The point was to turn a gut-feel sale into a system. A partner captures a prospect; the app enriches it, scores it, and ranks it against every other prospect, floating the highest-propensity people to the top so partners spend their time where it pays off. Under the hood, the production design closed that loop without anyone touching a spreadsheet.

➕

New prospect

captured in the app

→

📡

Event source

captures the prospect

→

🧩

Enrichment service

external data added

→

🔮

Prediction model

on a managed ML platform

→

📱

Partner app

prospects scored & ranked

▶ Limitations and risks we named up front

Manual pipeline: the early deployment was hands-on; automating end to end was the next priority.
Single data source for v1: the first model leaned on one provider; adding more would lift accuracy.
Third-party dependency: external data APIs can go stale or down, so usage and freshness needed monitoring.
Platform maturity: the managed ML platform was new and still maturing, so we tracked it closely.

Monitoring used off-the-shelf tooling to track latency, throughput, drift and availability of the model and its endpoints.

07 · What I learned

The model was the easy part

◆ Data quality beats data volume

One provider returned far more attributes than another, but accuracy tracked completeness, not count. The most complete data file produced the most accurate model. We held the focus on information quality rather than sheer volume.

◆ A model is never finished

Shipping is the start, not the end. The market shock proved it: a live model needs monitoring and a retraining path built in from day one, because the world will eventually stop looking like the training data. Treat the model as a standing system, not a deliverable.

For the first time at UW, a machine-learning model went live in a partner-facing product. The capability mattered more than the metric.

◆ Governance is not a later step

Data privacy ran alongside the build from day one. On a partner-facing model touching consumer data, that is not optional, and starting the conversation early kept the work moving rather than stalling it at the end.

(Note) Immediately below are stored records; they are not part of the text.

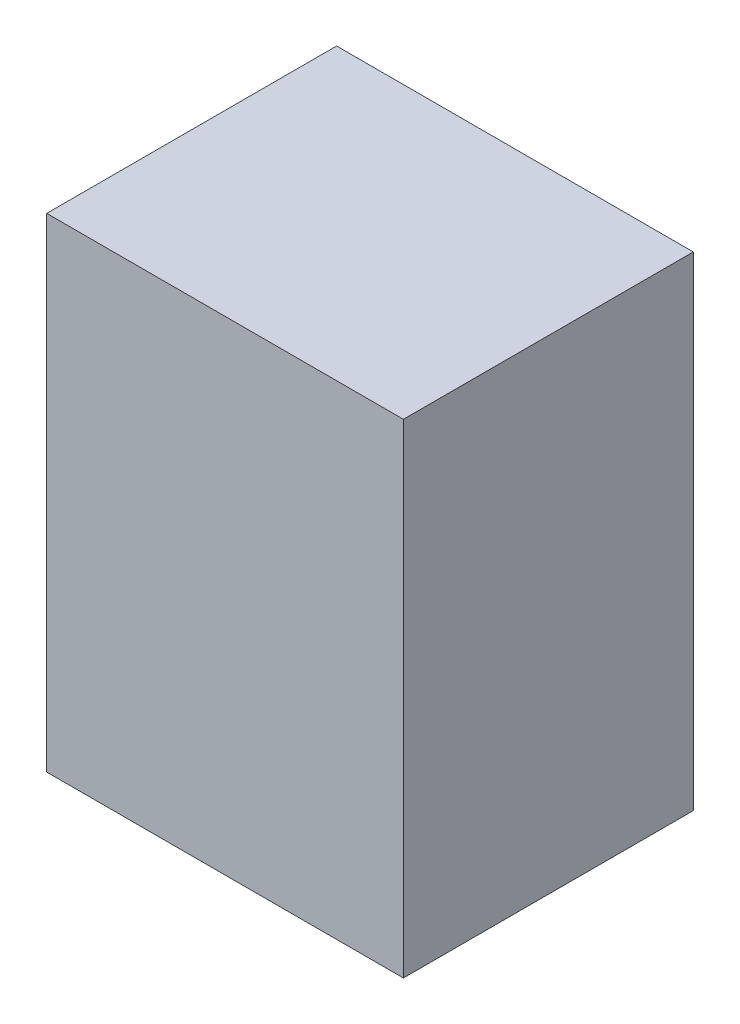
ISO-10303-21;
HEADER;
FILE_DESCRIPTION(('STEP AP214'),'2;1');
FILE_NAME('part.step','',(''),(''),'','','');
FILE_SCHEMA(('AUTOMOTIVE_DESIGN { 1 0 10303 214 1 1 1 1 }'));
ENDSEC;
DATA;
#1=APPLICATION_CONTEXT('core data for automotive mechanical design processes');
#2=APPLICATION_PROTOCOL_DEFINITION('international standard','automotive_design',2000,#1);
#3=PRODUCT_CONTEXT('',#1,'mechanical');
#4=PRODUCT('Part','Part','',(#3));
#5=PRODUCT_RELATED_PRODUCT_CATEGORY('part','',(#4));
#6=PRODUCT_DEFINITION_FORMATION('','',#4);
#7=PRODUCT_DEFINITION_CONTEXT('part definition',#1,'design');
#8=PRODUCT_DEFINITION('design','',#6,#7);
#9=PRODUCT_DEFINITION_SHAPE('','',#8);
#10=(LENGTH_UNIT() NAMED_UNIT(*) SI_UNIT(.MILLI.,.METRE.));
#11=(NAMED_UNIT(*) PLANE_ANGLE_UNIT() SI_UNIT($,.RADIAN.));
#12=(NAMED_UNIT(*) SI_UNIT($,.STERADIAN.) SOLID_ANGLE_UNIT());
#13=UNCERTAINTY_MEASURE_WITH_UNIT(LENGTH_MEASURE(1.E-05),#10,'distance_accuracy_value','');
#14=(GEOMETRIC_REPRESENTATION_CONTEXT(3) GLOBAL_UNCERTAINTY_ASSIGNED_CONTEXT((#13)) GLOBAL_UNIT_ASSIGNED_CONTEXT((#10,
#11,#12)) REPRESENTATION_CONTEXT('',''));
#15=CARTESIAN_POINT('',(0.,0.,0.));
#16=DIRECTION('',(0.,0.,1.));
#17=DIRECTION('',(1.,0.,0.));
#18=AXIS2_PLACEMENT_3D('',#15,#16,#17);
#19=CARTESIAN_POINT('',(-53.7355,77.5714301256037,7.25));
#20=DIRECTION('',(0.,1.,0.));
#21=DIRECTION('',(0.,0.,1.));
#22=AXIS2_PLACEMENT_3D('',#19,#20,#21);
#23=PLANE('',#22);
#24=DIRECTION('',(1.,0.,0.));
#25=VECTOR('',#24,1.);
#26=CARTESIAN_POINT('',(-53.7355,77.5714301256037,0.));
#27=LINE('',#26,#25);
#28=CARTESIAN_POINT('',(-53.7355,77.5714301256037,0.));
#29=VERTEX_POINT('',#28);
#30=CARTESIAN_POINT('',(-44.8155,77.5714301256037,0.));
#31=VERTEX_POINT('',#30);
#32=EDGE_CURVE('E113',#29,#31,#27,.T.);
#33=ORIENTED_EDGE('',*,*,#32,.F.);
#34=DIRECTION('',(0.,0.,-1.));
#35=VECTOR('',#34,1.);
#36=CARTESIAN_POINT('',(-53.7355,77.5714301256037,7.25));
#37=LINE('',#36,#35);
#38=CARTESIAN_POINT('',(-53.7355,77.5714301256037,7.25));
#39=VERTEX_POINT('',#38);
#40=EDGE_CURVE('E11',#39,#29,#37,.T.);
#41=ORIENTED_EDGE('',*,*,#40,.F.);
#42=DIRECTION('',(1.,0.,0.));
#43=VECTOR('',#42,1.);
#44=CARTESIAN_POINT('',(-53.7355,77.5714301256037,7.25));
#45=LINE('',#44,#43);
#46=CARTESIAN_POINT('',(-44.8155,77.5714301256037,7.25));
#47=VERTEX_POINT('',#46);
#48=EDGE_CURVE('E143',#39,#47,#45,.T.);
#49=ORIENTED_EDGE('',*,*,#48,.T.);
#50=DIRECTION('',(0.,0.,-1.));
#51=VECTOR('',#50,1.);
#52=CARTESIAN_POINT('',(-44.8155,77.5714301256037,7.25));
#53=LINE('',#52,#51);
#54=EDGE_CURVE('E35',#47,#31,#53,.T.);
#55=ORIENTED_EDGE('',*,*,#54,.T.);
#56=EDGE_LOOP('',(#33,#41,#49,#55));
#57=FACE_BOUND('',#56,.T.);
#58=ADVANCED_FACE('F32',(#57),#23,.T.);
#59=CARTESIAN_POINT('',(-53.7355,77.5714301256037,7.25));
#60=DIRECTION('',(1.,0.,0.));
#61=DIRECTION('',(0.,0.,-1.));
#62=AXIS2_PLACEMENT_3D('',#59,#60,#61);
#63=PLANE('',#62);
#64=DIRECTION('',(0.,-1.,0.));
#65=VECTOR('',#64,1.);
#66=CARTESIAN_POINT('',(-53.7355,77.5714301256037,0.));
#67=LINE('',#66,#65);
#68=CARTESIAN_POINT('',(-53.7355,65.47,0.));
#69=VERTEX_POINT('',#68);
#70=EDGE_CURVE('E146',#29,#69,#67,.T.);
#71=ORIENTED_EDGE('',*,*,#70,.T.);
#72=DIRECTION('',(0.,0.,-1.));
#73=VECTOR('',#72,1.);
#74=CARTESIAN_POINT('',(-53.7355,65.47,7.25));
#75=LINE('',#74,#73);
#76=CARTESIAN_POINT('',(-53.7355,65.47,7.25));
#77=VERTEX_POINT('',#76);
#78=EDGE_CURVE('E40',#77,#69,#75,.T.);
#79=ORIENTED_EDGE('',*,*,#78,.F.);
#80=DIRECTION('',(0.,-1.,0.));
#81=VECTOR('',#80,1.);
#82=CARTESIAN_POINT('',(-53.7355,77.5714301256037,7.25));
#83=LINE('',#82,#81);
#84=EDGE_CURVE('E150',#39,#77,#83,.T.);
#85=ORIENTED_EDGE('',*,*,#84,.F.);
#86=ORIENTED_EDGE('',*,*,#40,.T.);
#87=EDGE_LOOP('',(#71,#79,#85,#86));
#88=FACE_BOUND('',#87,.T.);
#89=ADVANCED_FACE('F170',(#88),#63,.F.);
#90=CARTESIAN_POINT('',(-53.7355,65.47,7.25));
#91=DIRECTION('',(0.,1.,0.));
#92=DIRECTION('',(0.,0.,1.));
#93=AXIS2_PLACEMENT_3D('',#90,#91,#92);
#94=PLANE('',#93);
#95=DIRECTION('',(1.,0.,0.));
#96=VECTOR('',#95,1.);
#97=CARTESIAN_POINT('',(-53.7355,65.47,0.));
#98=LINE('',#97,#96);
#99=CARTESIAN_POINT('',(-44.8155,65.47,0.));
#100=VERTEX_POINT('',#99);
#101=EDGE_CURVE('E157',#69,#100,#98,.T.);
#102=ORIENTED_EDGE('',*,*,#101,.T.);
#103=DIRECTION('',(0.,0.,-1.));
#104=VECTOR('',#103,1.);
#105=CARTESIAN_POINT('',(-44.8155,65.47,7.25));
#106=LINE('',#105,#104);
#107=CARTESIAN_POINT('',(-44.8155,65.47,7.25));
#108=VERTEX_POINT('',#107);
#109=EDGE_CURVE('E162',#108,#100,#106,.T.);
#110=ORIENTED_EDGE('',*,*,#109,.F.);
#111=DIRECTION('',(1.,0.,0.));
#112=VECTOR('',#111,1.);
#113=CARTESIAN_POINT('',(-53.7355,65.47,7.25));
#114=LINE('',#113,#112);
#115=EDGE_CURVE('E148',#77,#108,#114,.T.);
#116=ORIENTED_EDGE('',*,*,#115,.F.);
#117=ORIENTED_EDGE('',*,*,#78,.T.);
#118=EDGE_LOOP('',(#102,#110,#116,#117));
#119=FACE_BOUND('',#118,.T.);
#120=ADVANCED_FACE('F173',(#119),#94,.F.);
#121=CARTESIAN_POINT('',(-44.8155,77.5714301256037,7.25));
#122=DIRECTION('',(1.,0.,0.));
#123=DIRECTION('',(0.,0.,-1.));
#124=AXIS2_PLACEMENT_3D('',#121,#122,#123);
#125=PLANE('',#124);
#126=DIRECTION('',(0.,-1.,0.));
#127=VECTOR('',#126,1.);
#128=CARTESIAN_POINT('',(-44.8155,77.5714301256037,0.));
#129=LINE('',#128,#127);
#130=EDGE_CURVE('E154',#31,#100,#129,.T.);
#131=ORIENTED_EDGE('',*,*,#130,.F.);
#132=ORIENTED_EDGE('',*,*,#54,.F.);
#133=DIRECTION('',(0.,-1.,0.));
#134=VECTOR('',#133,1.);
#135=CARTESIAN_POINT('',(-44.8155,77.5714301256037,7.25));
#136=LINE('',#135,#134);
#137=EDGE_CURVE('E145',#47,#108,#136,.T.);
#138=ORIENTED_EDGE('',*,*,#137,.T.);
#139=ORIENTED_EDGE('',*,*,#109,.T.);
#140=EDGE_LOOP('',(#131,#132,#138,#139));
#141=FACE_BOUND('',#140,.T.);
#142=ADVANCED_FACE('F165',(#141),#125,.T.);
#143=CARTESIAN_POINT('',(0.,0.,7.25));
#144=DIRECTION('',(0.,0.,-1.));
#145=DIRECTION('',(-1.,0.,0.));
#146=AXIS2_PLACEMENT_3D('',#143,#144,#145);
#147=PLANE('',#146);
#148=ORIENTED_EDGE('',*,*,#48,.F.);
#149=ORIENTED_EDGE('',*,*,#84,.T.);
#150=ORIENTED_EDGE('',*,*,#115,.T.);
#151=ORIENTED_EDGE('',*,*,#137,.F.);
#152=EDGE_LOOP('',(#148,#149,#150,#151));
#153=FACE_BOUND('',#152,.T.);
#154=ADVANCED_FACE('F175',(#153),#147,.F.);
#155=CARTESIAN_POINT('',(0.,0.,0.));
#156=DIRECTION('',(0.,0.,-1.));
#157=DIRECTION('',(-1.,0.,0.));
#158=AXIS2_PLACEMENT_3D('',#155,#156,#157);
#159=PLANE('',#158);
#160=DIRECTION('',(1.,0.,0.));
#161=VECTOR('',#160,1.);
#162=CARTESIAN_POINT('',(0.,77.0714301256037,0.));
#163=LINE('',#162,#161);
#164=CARTESIAN_POINT('',(-53.2355,77.0714301256037,0.));
#165=VERTEX_POINT('',#164);
#166=CARTESIAN_POINT('',(-45.3155,77.0714301256037,0.));
#167=VERTEX_POINT('',#166);
#168=EDGE_CURVE('E137',#165,#167,#163,.T.);
#169=ORIENTED_EDGE('',*,*,#168,.F.);
#170=DIRECTION('',(0.,-1.,0.));
#171=VECTOR('',#170,1.);
#172=CARTESIAN_POINT('',(-53.2355,0.,0.));
#173=LINE('',#172,#171);
#174=CARTESIAN_POINT('',(-53.2355,65.97,0.));
#175=VERTEX_POINT('',#174);
#176=EDGE_CURVE('E108',#165,#175,#173,.T.);
#177=ORIENTED_EDGE('',*,*,#176,.T.);
#178=DIRECTION('',(1.,0.,0.));
#179=VECTOR('',#178,1.);
#180=CARTESIAN_POINT('',(0.,65.97,0.));
#181=LINE('',#180,#179);
#182=CARTESIAN_POINT('',(-45.3155,65.97,0.));
#183=VERTEX_POINT('',#182);
#184=EDGE_CURVE('E48',#175,#183,#181,.T.);
#185=ORIENTED_EDGE('',*,*,#184,.T.);
#186=DIRECTION('',(0.,-1.,0.));
#187=VECTOR('',#186,1.);
#188=CARTESIAN_POINT('',(-45.3155,0.,0.));
#189=LINE('',#188,#187);
#190=EDGE_CURVE('E139',#167,#183,#189,.T.);
#191=ORIENTED_EDGE('',*,*,#190,.F.);
#192=EDGE_LOOP('',(#169,#177,#185,#191));
#193=FACE_BOUND('',#192,.T.);
#194=ORIENTED_EDGE('',*,*,#32,.T.);
#195=ORIENTED_EDGE('',*,*,#130,.T.);
#196=ORIENTED_EDGE('',*,*,#101,.F.);
#197=ORIENTED_EDGE('',*,*,#70,.F.);
#198=EDGE_LOOP('',(#194,#195,#196,#197));
#199=FACE_BOUND('',#198,.T.);
#200=ADVANCED_FACE('F168',(#193,#199),#159,.T.);
#201=CARTESIAN_POINT('',(-53.7355,77.0714301256037,7.25));
#202=DIRECTION('',(0.,1.,0.));
#203=DIRECTION('',(0.,0.,1.));
#204=AXIS2_PLACEMENT_3D('',#201,#202,#203);
#205=PLANE('',#204);
#206=ORIENTED_EDGE('',*,*,#168,.T.);
#207=DIRECTION('',(0.,0.,-1.));
#208=VECTOR('',#207,1.);
#209=CARTESIAN_POINT('',(-45.3155,77.0714301256037,7.25));
#210=LINE('',#209,#208);
#211=CARTESIAN_POINT('',(-45.3155,77.0714301256037,7.05));
#212=VERTEX_POINT('',#211);
#213=EDGE_CURVE('E123',#212,#167,#210,.T.);
#214=ORIENTED_EDGE('',*,*,#213,.F.);
#215=DIRECTION('',(1.,0.,0.));
#216=VECTOR('',#215,1.);
#217=CARTESIAN_POINT('',(0.,77.0714301256037,7.05));
#218=LINE('',#217,#216);
#219=CARTESIAN_POINT('',(-53.2355,77.0714301256037,7.05));
#220=VERTEX_POINT('',#219);
#221=EDGE_CURVE('E121',#220,#212,#218,.T.);
#222=ORIENTED_EDGE('',*,*,#221,.F.);
#223=DIRECTION('',(0.,0.,-1.));
#224=VECTOR('',#223,1.);
#225=CARTESIAN_POINT('',(-53.2355,77.0714301256037,7.25));
#226=LINE('',#225,#224);
#227=EDGE_CURVE('E103',#220,#165,#226,.T.);
#228=ORIENTED_EDGE('',*,*,#227,.T.);
#229=EDGE_LOOP('',(#206,#214,#222,#228));
#230=FACE_BOUND('',#229,.T.);
#231=ADVANCED_FACE('F125',(#230),#205,.F.);
#232=CARTESIAN_POINT('',(-53.2355,77.5714301256037,7.25));
#233=DIRECTION('',(1.,0.,0.));
#234=DIRECTION('',(0.,0.,-1.));
#235=AXIS2_PLACEMENT_3D('',#232,#233,#234);
#236=PLANE('',#235);
#237=ORIENTED_EDGE('',*,*,#176,.F.);
#238=ORIENTED_EDGE('',*,*,#227,.F.);
#239=DIRECTION('',(0.,-1.,0.));
#240=VECTOR('',#239,1.);
#241=CARTESIAN_POINT('',(-53.2355,0.,7.05));
#242=LINE('',#241,#240);
#243=CARTESIAN_POINT('',(-53.2355,65.97,7.05));
#244=VERTEX_POINT('',#243);
#245=EDGE_CURVE('E106',#220,#244,#242,.T.);
#246=ORIENTED_EDGE('',*,*,#245,.T.);
#247=DIRECTION('',(0.,0.,-1.));
#248=VECTOR('',#247,1.);
#249=CARTESIAN_POINT('',(-53.2355,65.97,7.25));
#250=LINE('',#249,#248);
#251=EDGE_CURVE('E114',#244,#175,#250,.T.);
#252=ORIENTED_EDGE('',*,*,#251,.T.);
#253=EDGE_LOOP('',(#237,#238,#246,#252));
#254=FACE_BOUND('',#253,.T.);
#255=ADVANCED_FACE('F105',(#254),#236,.T.);
#256=CARTESIAN_POINT('',(-53.7355,65.97,7.25));
#257=DIRECTION('',(0.,1.,0.));
#258=DIRECTION('',(0.,0.,1.));
#259=AXIS2_PLACEMENT_3D('',#256,#257,#258);
#260=PLANE('',#259);
#261=ORIENTED_EDGE('',*,*,#184,.F.);
#262=ORIENTED_EDGE('',*,*,#251,.F.);
#263=DIRECTION('',(1.,0.,0.));
#264=VECTOR('',#263,1.);
#265=CARTESIAN_POINT('',(0.,65.97,7.05));
#266=LINE('',#265,#264);
#267=CARTESIAN_POINT('',(-45.3155,65.97,7.05));
#268=VERTEX_POINT('',#267);
#269=EDGE_CURVE('E122',#244,#268,#266,.T.);
#270=ORIENTED_EDGE('',*,*,#269,.T.);
#271=DIRECTION('',(0.,0.,-1.));
#272=VECTOR('',#271,1.);
#273=CARTESIAN_POINT('',(-45.3155,65.97,7.25));
#274=LINE('',#273,#272);
#275=EDGE_CURVE('E133',#268,#183,#274,.T.);
#276=ORIENTED_EDGE('',*,*,#275,.T.);
#277=EDGE_LOOP('',(#261,#262,#270,#276));
#278=FACE_BOUND('',#277,.T.);
#279=ADVANCED_FACE('F227',(#278),#260,.T.);
#280=CARTESIAN_POINT('',(-45.3155,77.5714301256037,7.25));
#281=DIRECTION('',(1.,0.,0.));
#282=DIRECTION('',(0.,0.,-1.));
#283=AXIS2_PLACEMENT_3D('',#280,#281,#282);
#284=PLANE('',#283);
#285=ORIENTED_EDGE('',*,*,#190,.T.);
#286=ORIENTED_EDGE('',*,*,#275,.F.);
#287=DIRECTION('',(0.,-1.,0.));
#288=VECTOR('',#287,1.);
#289=CARTESIAN_POINT('',(-45.3155,0.,7.05));
#290=LINE('',#289,#288);
#291=EDGE_CURVE('E127',#212,#268,#290,.T.);
#292=ORIENTED_EDGE('',*,*,#291,.F.);
#293=ORIENTED_EDGE('',*,*,#213,.T.);
#294=EDGE_LOOP('',(#285,#286,#292,#293));
#295=FACE_BOUND('',#294,.T.);
#296=ADVANCED_FACE('F236',(#295),#284,.F.);
#297=CARTESIAN_POINT('',(0.,0.,7.05));
#298=DIRECTION('',(0.,0.,-1.));
#299=DIRECTION('',(-1.,0.,0.));
#300=AXIS2_PLACEMENT_3D('',#297,#298,#299);
#301=PLANE('',#300);
#302=ORIENTED_EDGE('',*,*,#221,.T.);
#303=ORIENTED_EDGE('',*,*,#291,.T.);
#304=ORIENTED_EDGE('',*,*,#269,.F.);
#305=ORIENTED_EDGE('',*,*,#245,.F.);
#306=EDGE_LOOP('',(#302,#303,#304,#305));
#307=FACE_BOUND('',#306,.T.);
#308=ADVANCED_FACE('F119',(#307),#301,.T.);
#309=CLOSED_SHELL('',(#58,#89,#120,#142,#154,#200,#231,#255,#279,#296,#308));
#310=MANIFOLD_SOLID_BREP('B2',#309);
#311=ADVANCED_BREP_SHAPE_REPRESENTATION('',(#18,#310),#14);
#312=SHAPE_DEFINITION_REPRESENTATION(#9,#311);
ENDSEC;
END-ISO-10303-21;

◆ Interpretability drives adoption

Partners act on scores they understand. Building the feature-impact view was as much about adoption as governance: the "why" behind a score is what turns a number into a decision.

08 · So what

The model was the start. The platform was the point.

Switch-o-meter was the activation layer of the wider UW Partner Network rebuild, and the piece I am proudest of: not because the model was elaborate, but because getting a model into a live, partner-facing product in a business that had never done it before is mostly a job of pipelines, providers, privacy and patience. The data science is real, but the harder work sits around it.

The most valuable output was not the prediction. Building that first ML service gave UW its first MLOps infrastructure: the pipelines, deployment and monitoring that every production model needs. Once that existed, the second model was a different conversation, and the question shifted from "can we" to "what next".

First MLOps infrastructurebuilt for Switch-o-meter

→

Customer serviceNLP on call transcripts

Home serviceschurn modelling

And beyondmore AI initiatives

That platform became the foundation for later AI initiatives across the business: an NLP analysis of call-centre transcripts to sharpen customer service, churn modelling inside the home-services team, and others since. The lasting return on one production model was the capability to keep building, and that is what I most want to leave behind in any organisation: the means to make the next one.